In the entries that follow, the line with "#144=CARTESIAN_POINT('',(-17.5,3.,-38.));" opens the range and the line with "#179=ORIENTED_EDGE('',*,*,#140,.T.);" closes it; repeat that range exactly, both lines included.

Given entries section start

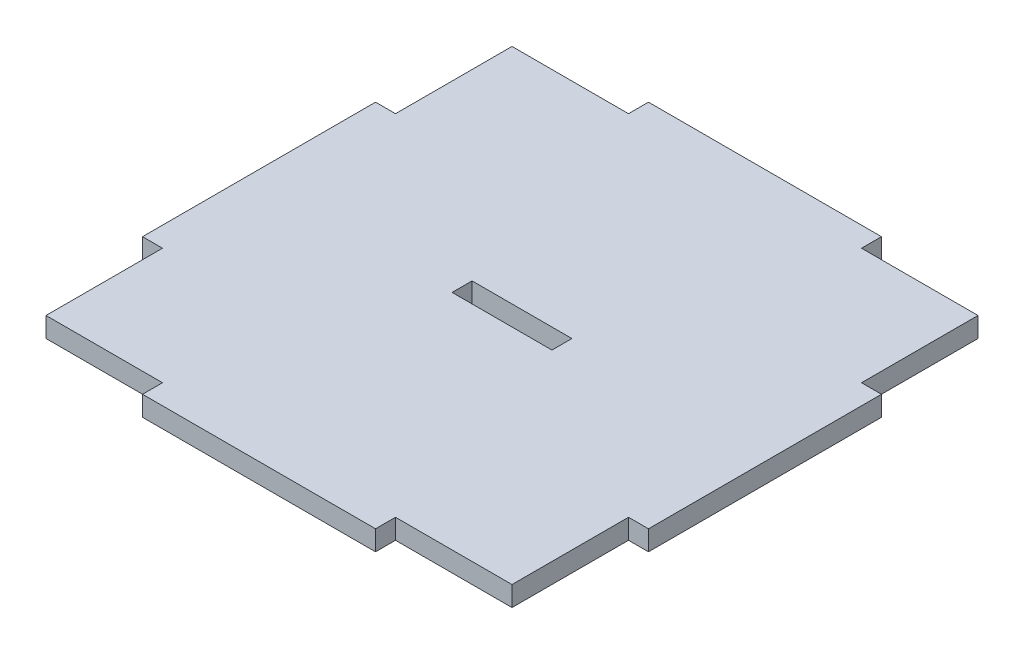
ISO-10303-21;
HEADER;
FILE_DESCRIPTION(('STEP AP214'),'2;1');
FILE_NAME('part.step','',(''),(''),'','','');
FILE_SCHEMA(('AUTOMOTIVE_DESIGN { 1 0 10303 214 1 1 1 1 }'));
ENDSEC;
DATA;
#1=APPLICATION_CONTEXT('core data for automotive mechanical design processes');
#2=APPLICATION_PROTOCOL_DEFINITION('international standard','automotive_design',2000,#1);
#3=PRODUCT_CONTEXT('',#1,'mechanical');
#4=PRODUCT('Part','Part','',(#3));
#5=PRODUCT_RELATED_PRODUCT_CATEGORY('part','',(#4));
#6=PRODUCT_DEFINITION_FORMATION('','',#4);
#7=PRODUCT_DEFINITION_CONTEXT('part definition',#1,'design');
#8=PRODUCT_DEFINITION('design','',#6,#7);
#9=PRODUCT_DEFINITION_SHAPE('','',#8);
#10=(LENGTH_UNIT() NAMED_UNIT(*) SI_UNIT(.MILLI.,.METRE.));
#11=(NAMED_UNIT(*) PLANE_ANGLE_UNIT() SI_UNIT($,.RADIAN.));
#12=(NAMED_UNIT(*) SI_UNIT($,.STERADIAN.) SOLID_ANGLE_UNIT());
#13=UNCERTAINTY_MEASURE_WITH_UNIT(LENGTH_MEASURE(1.E-05),#10,'distance_accuracy_value','');
#14=(GEOMETRIC_REPRESENTATION_CONTEXT(3) GLOBAL_UNCERTAINTY_ASSIGNED_CONTEXT((#13)) GLOBAL_UNIT_ASSIGNED_CONTEXT((#10,
#11,#12)) REPRESENTATION_CONTEXT('',''));
#15=CARTESIAN_POINT('',(0.,0.,0.));
#16=DIRECTION('',(0.,0.,1.));
#17=DIRECTION('',(1.,0.,0.));
#18=AXIS2_PLACEMENT_3D('',#15,#16,#17);
#19=CARTESIAN_POINT('',(35.,3.,-17.5));
#20=DIRECTION('',(-1.,0.,0.));
#21=DIRECTION('',(0.,0.,1.));
#22=AXIS2_PLACEMENT_3D('',#19,#20,#21);
#23=PLANE('',#22);
#24=DIRECTION('',(0.,0.,-1.));
#25=VECTOR('',#24,1.);
#26=CARTESIAN_POINT('',(35.,0.,-17.5));
#27=LINE('',#26,#25);
#28=CARTESIAN_POINT('',(35.,0.,-17.5));
#29=VERTEX_POINT('',#28);
#30=CARTESIAN_POINT('',(35.,0.,-35.));
#31=VERTEX_POINT('',#30);
#32=EDGE_CURVE('E243',#29,#31,#27,.T.);
#33=ORIENTED_EDGE('',*,*,#32,.T.);
#34=DIRECTION('',(0.,-1.,0.));
#35=VECTOR('',#34,1.);
#36=CARTESIAN_POINT('',(35.,3.,-35.));
#37=LINE('',#36,#35);
#38=CARTESIAN_POINT('',(35.,3.,-35.));
#39=VERTEX_POINT('',#38);
#40=EDGE_CURVE('E11',#39,#31,#37,.T.);
#41=ORIENTED_EDGE('',*,*,#40,.F.);
#42=DIRECTION('',(0.,0.,-1.));
#43=VECTOR('',#42,1.);
#44=CARTESIAN_POINT('',(35.,3.,-17.5));
#45=LINE('',#44,#43);
#46=CARTESIAN_POINT('',(35.,3.,-17.5));
#47=VERTEX_POINT('',#46);
#48=EDGE_CURVE('E249',#47,#39,#45,.T.);
#49=ORIENTED_EDGE('',*,*,#48,.F.);
#50=DIRECTION('',(0.,-1.,0.));
#51=VECTOR('',#50,1.);
#52=CARTESIAN_POINT('',(35.,3.,-17.5));
#53=LINE('',#52,#51);
#54=EDGE_CURVE('E311',#47,#29,#53,.T.);
#55=ORIENTED_EDGE('',*,*,#54,.T.);
#56=EDGE_LOOP('',(#33,#41,#49,#55));
#57=FACE_BOUND('',#56,.T.);
#58=ADVANCED_FACE('F39',(#57),#23,.F.);
#59=CARTESIAN_POINT('',(17.5,3.,-35.));
#60=DIRECTION('',(0.,0.,1.));
#61=DIRECTION('',(1.,0.,0.));
#62=AXIS2_PLACEMENT_3D('',#59,#60,#61);
#63=PLANE('',#62);
#64=DIRECTION('',(-1.,0.,0.));
#65=VECTOR('',#64,1.);
#66=CARTESIAN_POINT('',(17.5,0.,-35.));
#67=LINE('',#66,#65);
#68=CARTESIAN_POINT('',(17.5,0.,-35.));
#69=VERTEX_POINT('',#68);
#70=EDGE_CURVE('E315',#31,#69,#67,.T.);
#71=ORIENTED_EDGE('',*,*,#70,.T.);
#72=DIRECTION('',(0.,-1.,0.));
#73=VECTOR('',#72,1.);
#74=CARTESIAN_POINT('',(17.5,3.,-35.));
#75=LINE('',#74,#73);
#76=CARTESIAN_POINT('',(17.5,3.,-35.));
#77=VERTEX_POINT('',#76);
#78=EDGE_CURVE('E47',#77,#69,#75,.T.);
#79=ORIENTED_EDGE('',*,*,#78,.F.);
#80=DIRECTION('',(-1.,0.,0.));
#81=VECTOR('',#80,1.);
#82=CARTESIAN_POINT('',(17.5,3.,-35.));
#83=LINE('',#82,#81);
#84=EDGE_CURVE('E253',#39,#77,#83,.T.);
#85=ORIENTED_EDGE('',*,*,#84,.F.);
#86=ORIENTED_EDGE('',*,*,#40,.T.);
#87=EDGE_LOOP('',(#71,#79,#85,#86));
#88=FACE_BOUND('',#87,.T.);
#89=ADVANCED_FACE('F468',(#88),#63,.F.);
#90=CARTESIAN_POINT('',(17.5,3.,-38.));
#91=DIRECTION('',(-1.,0.,0.));
#92=DIRECTION('',(0.,0.,1.));
#93=AXIS2_PLACEMENT_3D('',#90,#91,#92);
#94=PLANE('',#93);
#95=DIRECTION('',(0.,0.,-1.));
#96=VECTOR('',#95,1.);
#97=CARTESIAN_POINT('',(17.5,0.,-38.));
#98=LINE('',#97,#96);
#99=CARTESIAN_POINT('',(17.5,0.,-38.));
#100=VERTEX_POINT('',#99);
#101=EDGE_CURVE('E318',#69,#100,#98,.T.);
#102=ORIENTED_EDGE('',*,*,#101,.T.);
#103=DIRECTION('',(0.,-1.,0.));
#104=VECTOR('',#103,1.);
#105=CARTESIAN_POINT('',(17.5,3.,-38.));
#106=LINE('',#105,#104);
#107=CARTESIAN_POINT('',(17.5,3.,-38.));
#108=VERTEX_POINT('',#107);
#109=EDGE_CURVE('E438',#108,#100,#106,.T.);
#110=ORIENTED_EDGE('',*,*,#109,.F.);
#111=DIRECTION('',(0.,0.,-1.));
#112=VECTOR('',#111,1.);
#113=CARTESIAN_POINT('',(17.5,3.,-38.));
#114=LINE('',#113,#112);
#115=EDGE_CURVE('E257',#77,#108,#114,.T.);
#116=ORIENTED_EDGE('',*,*,#115,.F.);
#117=ORIENTED_EDGE('',*,*,#78,.T.);
#118=EDGE_LOOP('',(#102,#110,#116,#117));
#119=FACE_BOUND('',#118,.T.);
#120=ADVANCED_FACE('F447',(#119),#94,.F.);
#121=CARTESIAN_POINT('',(-17.5,3.,-38.));
#122=DIRECTION('',(0.,0.,1.));
#123=DIRECTION('',(1.,0.,0.));
#124=AXIS2_PLACEMENT_3D('',#121,#122,#123);
#125=PLANE('',#124);
#126=DIRECTION('',(-1.,0.,0.));
#127=VECTOR('',#126,1.);
#128=CARTESIAN_POINT('',(-17.5,0.,-38.));
#129=LINE('',#128,#127);
#130=CARTESIAN_POINT('',(-17.5,0.,-38.));
#131=VERTEX_POINT('',#130);
#132=EDGE_CURVE('E321',#100,#131,#129,.T.);
#133=ORIENTED_EDGE('',*,*,#132,.T.);
#134=DIRECTION('',(0.,-1.,0.));
#135=VECTOR('',#134,1.);
#136=CARTESIAN_POINT('',(-17.5,3.,-38.));
#137=LINE('',#136,#135);
#138=CARTESIAN_POINT('',(-17.5,3.,-38.));
#139=VERTEX_POINT('',#138);
#140=EDGE_CURVE('E434',#139,#131,#137,.T.);
#141=ORIENTED_EDGE('',*,*,#140,.F.);
#142=DIRECTION('',(-1.,0.,0.));
#143=VECTOR('',#142,1.);
#144=CARTESIAN_POINT('',(-17.5,3.,-38.));
#145=LINE('',#144,#143);
#146=EDGE_CURVE('E260',#108,#139,#145,.T.);
#147=ORIENTED_EDGE('',*,*,#146,.F.);
#148=ORIENTED_EDGE('',*,*,#109,.T.);
#149=EDGE_LOOP('',(#133,#141,#147,#148));
#150=FACE_BOUND('',#149,.T.);
#151=ADVANCED_FACE('F456',(#150),#125,.F.);
#152=CARTESIAN_POINT('',(-17.5,3.,-38.));
#153=DIRECTION('',(1.,0.,0.));
#154=DIRECTION('',(0.,0.,-1.));
#155=AXIS2_PLACEMENT_3D('',#152,#153,#154);
#156=PLANE('',#155);
#157=DIRECTION('',(0.,0.,1.));
#158=VECTOR('',#157,1.);
#159=CARTESIAN_POINT('',(-17.5,0.,-38.));
#160=LINE('',#159,#158);
#161=CARTESIAN_POINT('',(-17.5,0.,-35.));
#162=VERTEX_POINT('',#161);
#163=EDGE_CURVE('E324',#131,#162,#160,.T.);
#164=ORIENTED_EDGE('',*,*,#163,.T.);
#165=DIRECTION('',(0.,-1.,0.));
#166=VECTOR('',#165,1.);
#167=CARTESIAN_POINT('',(-17.5,3.,-35.));
#168=LINE('',#167,#166);
#169=CARTESIAN_POINT('',(-17.5,3.,-35.));
#170=VERTEX_POINT('',#169);
#171=EDGE_CURVE('E430',#170,#162,#168,.T.);
#172=ORIENTED_EDGE('',*,*,#171,.F.);
#173=DIRECTION('',(0.,0.,1.));
#174=VECTOR('',#173,1.);
#175=CARTESIAN_POINT('',(-17.5,3.,-38.));
#176=LINE('',#175,#174);
#177=EDGE_CURVE('E263',#139,#170,#176,.T.);
#178=ORIENTED_EDGE('',*,*,#177,.F.);
#179=ORIENTED_EDGE('',*,*,#140,.T.);
#180=EDGE_LOOP('',(#164,#172,#178,#179));
#181=FACE_BOUND('',#180,.T.);
#182=ADVANCED_FACE('F460',(#181),#156,.F.);
#183=CARTESIAN_POINT('',(-35.,3.,-35.));
#184=DIRECTION('',(0.,0.,1.));
#185=DIRECTION('',(1.,0.,0.));
#186=AXIS2_PLACEMENT_3D('',#183,#184,#185);
#187=PLANE('',#186);
#188=DIRECTION('',(-1.,0.,0.));
#189=VECTOR('',#188,1.);
#190=CARTESIAN_POINT('',(-35.,0.,-35.));
#191=LINE('',#190,#189);
#192=CARTESIAN_POINT('',(-35.,0.,-35.));
#193=VERTEX_POINT('',#192);
#194=EDGE_CURVE('E327',#162,#193,#191,.T.);
#195=ORIENTED_EDGE('',*,*,#194,.T.);
#196=DIRECTION('',(0.,-1.,0.));
#197=VECTOR('',#196,1.);
#198=CARTESIAN_POINT('',(-35.,3.,-35.));
#199=LINE('',#198,#197);
#200=CARTESIAN_POINT('',(-35.,3.,-35.));
#201=VERTEX_POINT('',#200);
#202=EDGE_CURVE('E426',#201,#193,#199,.T.);
#203=ORIENTED_EDGE('',*,*,#202,.F.);
#204=DIRECTION('',(-1.,0.,0.));
#205=VECTOR('',#204,1.);
#206=CARTESIAN_POINT('',(-35.,3.,-35.));
#207=LINE('',#206,#205);
#208=EDGE_CURVE('E266',#170,#201,#207,.T.);
#209=ORIENTED_EDGE('',*,*,#208,.F.);
#210=ORIENTED_EDGE('',*,*,#171,.T.);
#211=EDGE_LOOP('',(#195,#203,#209,#210));
#212=FACE_BOUND('',#211,.T.);
#213=ADVANCED_FACE('F541',(#212),#187,.F.);
#214=CARTESIAN_POINT('',(-35.,3.,-17.5));
#215=DIRECTION('',(1.,0.,0.));
#216=DIRECTION('',(0.,0.,-1.));
#217=AXIS2_PLACEMENT_3D('',#214,#215,#216);
#218=PLANE('',#217);
#219=DIRECTION('',(0.,0.,1.));
#220=VECTOR('',#219,1.);
#221=CARTESIAN_POINT('',(-35.,0.,-17.5));
#222=LINE('',#221,#220);
#223=CARTESIAN_POINT('',(-35.,0.,-17.5));
#224=VERTEX_POINT('',#223);
#225=EDGE_CURVE('E330',#193,#224,#222,.T.);
#226=ORIENTED_EDGE('',*,*,#225,.T.);
#227=DIRECTION('',(0.,-1.,0.));
#228=VECTOR('',#227,1.);
#229=CARTESIAN_POINT('',(-35.,3.,-17.5));
#230=LINE('',#229,#228);
#231=CARTESIAN_POINT('',(-35.,3.,-17.5));
#232=VERTEX_POINT('',#231);
#233=EDGE_CURVE('E422',#232,#224,#230,.T.);
#234=ORIENTED_EDGE('',*,*,#233,.F.);
#235=DIRECTION('',(0.,0.,1.));
#236=VECTOR('',#235,1.);
#237=CARTESIAN_POINT('',(-35.,3.,-17.5));
#238=LINE('',#237,#236);
#239=EDGE_CURVE('E269',#201,#232,#238,.T.);
#240=ORIENTED_EDGE('',*,*,#239,.F.);
#241=ORIENTED_EDGE('',*,*,#202,.T.);
#242=EDGE_LOOP('',(#226,#234,#240,#241));
#243=FACE_BOUND('',#242,.T.);
#244=ADVANCED_FACE('F539',(#243),#218,.F.);
#245=CARTESIAN_POINT('',(-38.,3.,-17.5));
#246=DIRECTION('',(0.,0.,1.));
#247=DIRECTION('',(1.,0.,0.));
#248=AXIS2_PLACEMENT_3D('',#245,#246,#247);
#249=PLANE('',#248);
#250=DIRECTION('',(-1.,0.,0.));
#251=VECTOR('',#250,1.);
#252=CARTESIAN_POINT('',(-38.,0.,-17.5));
#253=LINE('',#252,#251);
#254=CARTESIAN_POINT('',(-38.,0.,-17.5));
#255=VERTEX_POINT('',#254);
#256=EDGE_CURVE('E333',#224,#255,#253,.T.);
#257=ORIENTED_EDGE('',*,*,#256,.T.);
#258=DIRECTION('',(0.,-1.,0.));
#259=VECTOR('',#258,1.);
#260=CARTESIAN_POINT('',(-38.,3.,-17.5));
#261=LINE('',#260,#259);
#262=CARTESIAN_POINT('',(-38.,3.,-17.5));
#263=VERTEX_POINT('',#262);
#264=EDGE_CURVE('E418',#263,#255,#261,.T.);
#265=ORIENTED_EDGE('',*,*,#264,.F.);
#266=DIRECTION('',(-1.,0.,0.));
#267=VECTOR('',#266,1.);
#268=CARTESIAN_POINT('',(-38.,3.,-17.5));
#269=LINE('',#268,#267);
#270=EDGE_CURVE('E272',#232,#263,#269,.T.);
#271=ORIENTED_EDGE('',*,*,#270,.F.);
#272=ORIENTED_EDGE('',*,*,#233,.T.);
#273=EDGE_LOOP('',(#257,#265,#271,#272));
#274=FACE_BOUND('',#273,.T.);
#275=ADVANCED_FACE('F534',(#274),#249,.F.);
#276=CARTESIAN_POINT('',(-38.,3.,17.5));
#277=DIRECTION('',(1.,0.,0.));
#278=DIRECTION('',(0.,0.,-1.));
#279=AXIS2_PLACEMENT_3D('',#276,#277,#278);
#280=PLANE('',#279);
#281=DIRECTION('',(0.,0.,1.));
#282=VECTOR('',#281,1.);
#283=CARTESIAN_POINT('',(-38.,0.,17.5));
#284=LINE('',#283,#282);
#285=CARTESIAN_POINT('',(-38.,0.,17.5));
#286=VERTEX_POINT('',#285);
#287=EDGE_CURVE('E336',#255,#286,#284,.T.);
#288=ORIENTED_EDGE('',*,*,#287,.T.);
#289=DIRECTION('',(0.,-1.,0.));
#290=VECTOR('',#289,1.);
#291=CARTESIAN_POINT('',(-38.,3.,17.5));
#292=LINE('',#291,#290);
#293=CARTESIAN_POINT('',(-38.,3.,17.5));
#294=VERTEX_POINT('',#293);
#295=EDGE_CURVE('E414',#294,#286,#292,.T.);
#296=ORIENTED_EDGE('',*,*,#295,.F.);
#297=DIRECTION('',(0.,0.,1.));
#298=VECTOR('',#297,1.);
#299=CARTESIAN_POINT('',(-38.,3.,17.5));
#300=LINE('',#299,#298);
#301=EDGE_CURVE('E275',#263,#294,#300,.T.);
#302=ORIENTED_EDGE('',*,*,#301,.F.);
#303=ORIENTED_EDGE('',*,*,#264,.T.);
#304=EDGE_LOOP('',(#288,#296,#302,#303));
#305=FACE_BOUND('',#304,.T.);
#306=ADVANCED_FACE('F529',(#305),#280,.F.);
#307=CARTESIAN_POINT('',(-38.,3.,17.5));
#308=DIRECTION('',(0.,0.,-1.));
#309=DIRECTION('',(-1.,0.,0.));
#310=AXIS2_PLACEMENT_3D('',#307,#308,#309);
#311=PLANE('',#310);
#312=DIRECTION('',(1.,0.,0.));
#313=VECTOR('',#312,1.);
#314=CARTESIAN_POINT('',(-38.,0.,17.5));
#315=LINE('',#314,#313);
#316=CARTESIAN_POINT('',(-35.,0.,17.5));
#317=VERTEX_POINT('',#316);
#318=EDGE_CURVE('E339',#286,#317,#315,.T.);
#319=ORIENTED_EDGE('',*,*,#318,.T.);
#320=DIRECTION('',(0.,-1.,0.));
#321=VECTOR('',#320,1.);
#322=CARTESIAN_POINT('',(-35.,3.,17.5));
#323=LINE('',#322,#321);
#324=CARTESIAN_POINT('',(-35.,3.,17.5));
#325=VERTEX_POINT('',#324);
#326=EDGE_CURVE('E410',#325,#317,#323,.T.);
#327=ORIENTED_EDGE('',*,*,#326,.F.);
#328=DIRECTION('',(1.,0.,0.));
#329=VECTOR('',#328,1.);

Given entries section end

- Exercise result
#144=CARTESIAN_POINT('',(-17.5,3.,-38.));
#145=LINE('',#144,#143);
#146=EDGE_CURVE('E260',#108,#139,#145,.T.);
#147=ORIENTED_EDGE('',*,*,#146,.F.);
#148=ORIENTED_EDGE('',*,*,#109,.T.);
#149=EDGE_LOOP('',(#133,#141,#147,#148));
#150=FACE_BOUND('',#149,.T.);
#151=ADVANCED_FACE('F456',(#150),#125,.F.);
#152=CARTESIAN_POINT('',(-17.5,3.,-38.));
#153=DIRECTION('',(1.,0.,0.));
#154=DIRECTION('',(0.,0.,-1.));
#155=AXIS2_PLACEMENT_3D('',#152,#153,#154);
#156=PLANE('',#155);
#157=DIRECTION('',(0.,0.,1.));
#158=VECTOR('',#157,1.);
#159=CARTESIAN_POINT('',(-17.5,0.,-38.));
#160=LINE('',#159,#158);
#161=CARTESIAN_POINT('',(-17.5,0.,-35.));
#162=VERTEX_POINT('',#161);
#163=EDGE_CURVE('E324',#131,#162,#160,.T.);
#164=ORIENTED_EDGE('',*,*,#163,.T.);
#165=DIRECTION('',(0.,-1.,0.));
#166=VECTOR('',#165,1.);
#167=CARTESIAN_POINT('',(-17.5,3.,-35.));
#168=LINE('',#167,#166);
#169=CARTESIAN_POINT('',(-17.5,3.,-35.));
#170=VERTEX_POINT('',#169);
#171=EDGE_CURVE('E430',#170,#162,#168,.T.);
#172=ORIENTED_EDGE('',*,*,#171,.F.);
#173=DIRECTION('',(0.,0.,1.));
#174=VECTOR('',#173,1.);
#175=CARTESIAN_POINT('',(-17.5,3.,-38.));
#176=LINE('',#175,#174);
#177=EDGE_CURVE('E263',#139,#170,#176,.T.);
#178=ORIENTED_EDGE('',*,*,#177,.F.);
#179=ORIENTED_EDGE('',*,*,#140,.T.);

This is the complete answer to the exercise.